Another issue around AI is regarding its capacity to use the data, that it hoarded or was fed as input, and extensively sort, classify, score, rank, and evaluate individuals based on this data. Such profiling is prima facie a blotch on the right to privacy and is also performed through AI usually sans the consent of the people being profiled. Moreover, the individuals are handicapped in the process of profiling as they cannot safeguard their privacy by challenging, altering, or affecting the aftermath of such profiling. Instances of AI-driven profiling include racial profiling while granting visas; segregating other migrants from genuine refugees; the profiling by Cambridge Analytica of Facebook users for the US elections; the unfathomable exercise of AI induced social scoring system in China that can limit a persons’ access to necessities like jobs, housing, loan, social services, etc.

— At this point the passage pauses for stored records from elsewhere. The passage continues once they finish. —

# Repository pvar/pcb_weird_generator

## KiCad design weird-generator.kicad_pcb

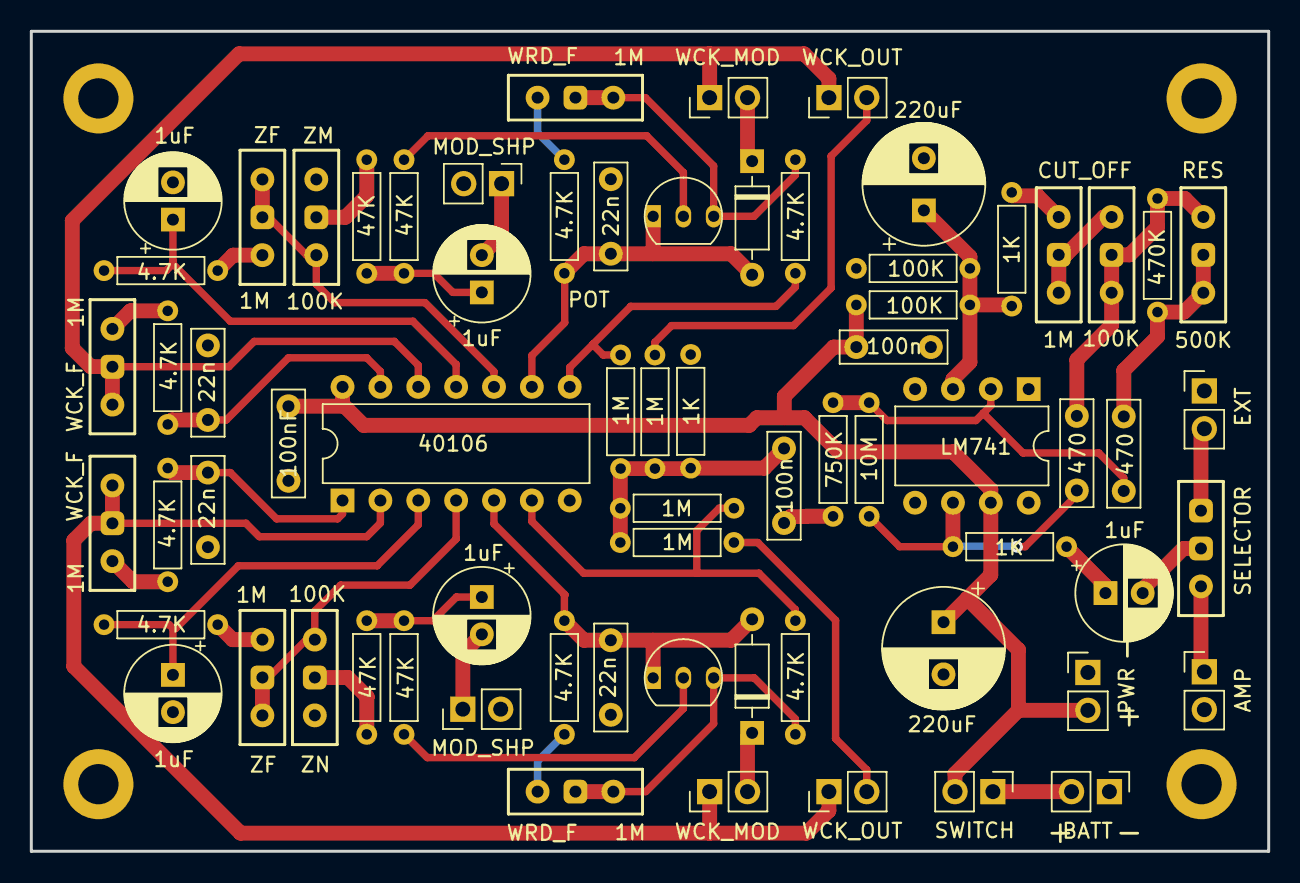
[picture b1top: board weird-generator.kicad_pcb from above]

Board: 2 copper layers, 83.0 x 55.0 mm, 69 parts (0 on the bottom side), 48 nets.

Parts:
C1, C2, C7, C8: 22n; C_Rect_L7.0mm_W2.0mm_P5.00mm
C3, C4, C5, C6, C16: 1uF; CP_Radial_D6.3mm_P2.50mm
C9, C12: 100n; C_Rect_L7.0mm_W2.0mm_P5.00mm
C10: 100nF; C_Rect_L7.0mm_W2.0mm_P5.00mm
C11, C13: 220uF; CP_Radial_D8.0mm_P3.50mm
C14, C15: 470; C_Rect_L7.0mm_W2.0mm_P5.00mm
D1, D2: 1N4148; D_DO-35_SOD27_P7.62mm_Horizontal
J1: BATT; PinHeader_1x02_P2.54mm_Vertical
J2: AMP; PinHeader_1x02_P2.54mm_Vertical
J3: EXT; PinHeader_1x02_P2.54mm_Vertical
MOD_SHP: Unusual; PinHeader_1x02_P2.54mm_Vertical
MOD_SHP#2: Unusual; PinHeader_1x02_P2.54mm_Vertical
Q1, Q2: 2N3904; TO-92_Inline
R1, R2, R3, R4, R9, R10, R11, R12: 4.7K; resistor_fx_footprint
R5, R6, R7, R8: 47K; resistor_fx_footprint
R13, R14, R15, R16: 1M; resistor_fx_footprint
R17, R22, R24: 1K; resistor_fx_footprint
R18: 750K; resistor_fx_footprint
R19, R20: 100K; resistor_fx_footprint
R21: 10M; resistor_fx_footprint
R23: 470K; resistor_fx_footprint
RV1, RV2, RV3, RV4, RV7, RV8, RV9: 1M; potentiometer_fx_connector
RV5, RV6, RV10: 100K; potentiometer_fx_connector
RV11: 500K; potentiometer_fx_connector
SW7: SWITCH; PinHeader_1x02_P2.54mm_Vertical
SW7#2: PWR; PinHeader_1x02_P2.54mm_Vertical
SW8: SELECTOR; switch_fx_connector
U1: 40106; DIP-14_W7.62mm
U3: LM741; DIP-8_W7.62mm
WCK_MOD: Wacky; PinHeader_1x02_P2.54mm_Vertical
WCK_MOD#2: Wacky; PinHeader_1x02_P2.54mm_Vertical
WCK_OUT: Wacky Out; PinHeader_1x02_P2.54mm_Vertical
WCK_OUT#2: Wacky Out; PinHeader_1x02_P2.54mm_Vertical

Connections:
+BATT: C9.1, C10.1, C11.1, R19.1, SW7.2 (B), SW7#2.2 (B), U1.14 (VDD), U3.7 (V+)
-BATT: C1.2, C2.2, C3.2, C4.2, C7.2, C8.2, C9.2, C10.2, C11.2, C13.2, J1.1, J2.2, J3.1, MOD_SHP.2 (B), MOD_SHP#2.2 (B), R17.2, R20.2, RV5.3, RV6.3, SW7#2.1 (A), U1.7 (VSS), U3.4 (V-)
/filter in: C12.1, R13.2, R14.2, R15.2, R16.2, R17.1
/filter_out: C16.2, SW8.2 (B)
unnamed: C1.1, R1.2, U1.1
unnamed: C2.1, R2.2, U1.13
unnamed: C3.1, R3.2, U1.3
unnamed: C4.1, R4.2, U1.11
unnamed: C5.1, R5.2, R6.1
unnamed: C6.1, R7.2, R8.1
unnamed: C12.2, R18.1
unnamed: C14.2, R23.1, RV11.1, RV11.2
unnamed: C15.1, R21.2, R24.1, U3.6
unnamed: C15.2, R23.2, RV10.1, RV10.2, RV11.3
unnamed: C16.1, R24.2
unnamed: C7.1, D1.2 (A), Q1.1 (E), R9.2, U1.5
unnamed: D1.1 (K), WCK_MOD#2.2 (B)
unnamed: C8.1, D2.2 (A), Q2.1 (E), R11.2, U1.9
unnamed: D2.1 (K), WCK_MOD.2 (B)
unnamed: J1.2, SW7.1 (A)
unnamed: J2.1, SW8.3 (C)
unnamed: J3.2, SW8.1 (A)
unnamed: Q1.2 (B), R6.2
unnamed: Q1.3 (C), R10.1, RV7.1, RV7.2
unnamed: Q2.2 (B), R8.2
unnamed: Q2.3 (C), R12.1, RV8.1, RV8.2
unnamed: R1.1, RV1.3
unnamed: R2.1, RV2.3
unnamed: R3.1, RV3.3
unnamed: R4.1, RV4.3
unnamed: R5.1, RV5.2
unnamed: R7.1, RV6.2
unnamed: R9.1, RV7.3
unnamed: R10.2, R13.1, U1.6
unnamed: R11.1, RV8.3
unnamed: R12.2, R16.1, U1.8
unnamed: R22.1, RV9.3
unnamed: RV3.1, RV3.2, RV5.1, U1.4
unnamed: RV4.1, RV4.2, RV6.1, U1.10
unnamed: RV9.1, RV9.2, RV10.3
unnamed: C5.2, MOD_SHP#2.1 (A)
unnamed: C6.2, MOD_SHP.1 (A)
unnamed: RV1.1, RV1.2, U1.2, WCK_MOD#2.1 (A), WCK_OUT#2.1 (A)
unnamed: RV2.1, RV2.2, U1.12, WCK_MOD.1 (A), WCK_OUT.1 (A)
unnamed: R14.1, WCK_OUT#2.2 (B)
unnamed: R15.1, WCK_OUT.2 (B)
unnamed: C13.1, R19.2, R20.1, R22.2, U3.3 (+)
unnamed: C14.1, R18.2, R21.1, U3.2 (-)

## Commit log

2023-12-23 Added schematic
2023-12-24 Initial PCB iteration
2023-12-24 Completed trace routing
2023-12-25 Rearranged components and shrunk board
2023-12-26 Added mounting holes
2023-12-26 Improved component placement
2023-12-27 Added value labels and fixed some component drawings
2023-12-28 Refactored & shrunk board
2025-08-14 Shrunk board (even more)
2025-08-14 Added licence file
2025-08-15 Redesigned to accommodate extra functionality
2025-08-15 Added dual audio output and selector switch

Our devices not only hoard vulnerable data, but they can also be tools to localize, monitor, and track people through AI. For instance, internet traffic, GPS, and cell phone location have raised grave privacy infringements such as GPS stalking. Consequentially, your data, despite being anonymized can be de-anonymized by AI when it becomes a part of a larger data set. Thus, AI can blur the thin line between personal and public data, thereby infringing on the right to privacy of every person who owns and operates devices.

Equipped with intricate machine learning algorithms, AI can easily predict and infer sensitive personal data from data that is non-sensitive. Consequently, an individual’s ethnic identity, health, political notions, sexual orientation, etc. can conveniently be ascertained from merely their location data, activity log, and other such matrices. Such predictions are being heavily relied on in predictive policing software that often jeopardizes innocent people with false arrests. The AI predictions are blatant infringements of an individual’s privacy as the personal and sensitive information of most people is predicted without their consent for the benefit of a deep-pocketed third party.


Conclusion

The primary solution to balance privacy with AI is the implementation of the pending Personal Data Protection Bill including the right to be forgotten and erasure. The privacy policies and regulations in India must be lucid and understandable. A shift towards a rights-based approach could ameliorate the privacy policies rather than the present consent-based approach. A right-based approach pertains to the extent and manner of use of consensually obtained data of consumers.

In conclusion, Artificial Intelligence has metamorphosed from being science fiction to a ubiquitous part of our lives. However, AI cannot be appraised as an isolated algorithm or an effective and efficient tool or as a nonchalant technology. Instead, it is a paradoxical social system that should be balanced with constitutional provisions including the right to privacy.